[Provided records — start]
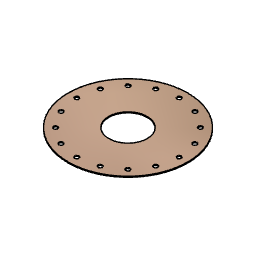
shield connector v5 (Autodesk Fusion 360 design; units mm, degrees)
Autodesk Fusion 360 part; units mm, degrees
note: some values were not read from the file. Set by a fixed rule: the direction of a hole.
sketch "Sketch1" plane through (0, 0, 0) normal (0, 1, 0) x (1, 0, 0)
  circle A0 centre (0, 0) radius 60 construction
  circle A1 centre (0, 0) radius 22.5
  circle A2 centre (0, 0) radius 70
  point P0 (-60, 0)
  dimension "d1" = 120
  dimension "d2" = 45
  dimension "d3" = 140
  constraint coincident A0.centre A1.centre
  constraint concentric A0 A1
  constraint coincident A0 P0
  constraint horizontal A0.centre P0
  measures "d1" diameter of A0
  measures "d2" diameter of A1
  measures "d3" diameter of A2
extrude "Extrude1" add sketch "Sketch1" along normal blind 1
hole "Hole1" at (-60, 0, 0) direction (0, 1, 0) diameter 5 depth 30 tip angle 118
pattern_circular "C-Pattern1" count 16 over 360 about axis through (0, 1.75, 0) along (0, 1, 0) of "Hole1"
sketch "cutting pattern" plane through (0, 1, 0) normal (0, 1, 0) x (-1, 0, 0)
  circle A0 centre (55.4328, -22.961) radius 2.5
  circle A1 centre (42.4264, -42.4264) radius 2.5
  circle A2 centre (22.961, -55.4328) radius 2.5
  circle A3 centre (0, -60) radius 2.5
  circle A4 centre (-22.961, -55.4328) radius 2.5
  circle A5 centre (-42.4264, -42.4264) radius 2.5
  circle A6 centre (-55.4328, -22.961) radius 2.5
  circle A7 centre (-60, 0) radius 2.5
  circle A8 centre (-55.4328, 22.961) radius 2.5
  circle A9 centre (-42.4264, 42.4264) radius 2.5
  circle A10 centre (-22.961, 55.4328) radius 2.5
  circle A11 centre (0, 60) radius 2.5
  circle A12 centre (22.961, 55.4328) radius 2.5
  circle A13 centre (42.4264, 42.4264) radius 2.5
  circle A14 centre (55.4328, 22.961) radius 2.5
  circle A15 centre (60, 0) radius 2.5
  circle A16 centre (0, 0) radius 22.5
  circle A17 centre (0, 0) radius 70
[Provided records — finish]
■ The problem:
Everything above from the line containing "note: some values" through the line containing "circle A11 centre (0, 60) radius 2.5" must be copied exactly. Nothing outside that range belongs in the answer.

■ Answer to the problem:
note: some values were not read from the file. Set by a fixed rule: the direction of a hole.
sketch "Sketch1" plane through (0, 0, 0) normal (0, 1, 0) x (1, 0, 0)
  circle A0 centre (0, 0) radius 60 construction
  circle A1 centre (0, 0) radius 22.5
  circle A2 centre (0, 0) radius 70
  point P0 (-60, 0)
  dimension "d1" = 120
  dimension "d2" = 45
  dimension "d3" = 140
  constraint coincident A0.centre A1.centre
  constraint concentric A0 A1
  constraint coincident A0 P0
  constraint horizontal A0.centre P0
  measures "d1" diameter of A0
  measures "d2" diameter of A1
  measures "d3" diameter of A2
extrude "Extrude1" add sketch "Sketch1" along normal blind 1
hole "Hole1" at (-60, 0, 0) direction (0, 1, 0) diameter 5 depth 30 tip angle 118
pattern_circular "C-Pattern1" count 16 over 360 about axis through (0, 1.75, 0) along (0, 1, 0) of "Hole1"
sketch "cutting pattern" plane through (0, 1, 0) normal (0, 1, 0) x (-1, 0, 0)
  circle A0 centre (55.4328, -22.961) radius 2.5
  circle A1 centre (42.4264, -42.4264) radius 2.5
  circle A2 centre (22.961, -55.4328) radius 2.5
  circle A3 centre (0, -60) radius 2.5
  circle A4 centre (-22.961, -55.4328) radius 2.5
  circle A5 centre (-42.4264, -42.4264) radius 2.5
  circle A6 centre (-55.4328, -22.961) radius 2.5
  circle A7 centre (-60, 0) radius 2.5
  circle A8 centre (-55.4328, 22.961) radius 2.5
  circle A9 centre (-42.4264, 42.4264) radius 2.5
  circle A10 centre (-22.961, 55.4328) radius 2.5
  circle A11 centre (0, 60) radius 2.5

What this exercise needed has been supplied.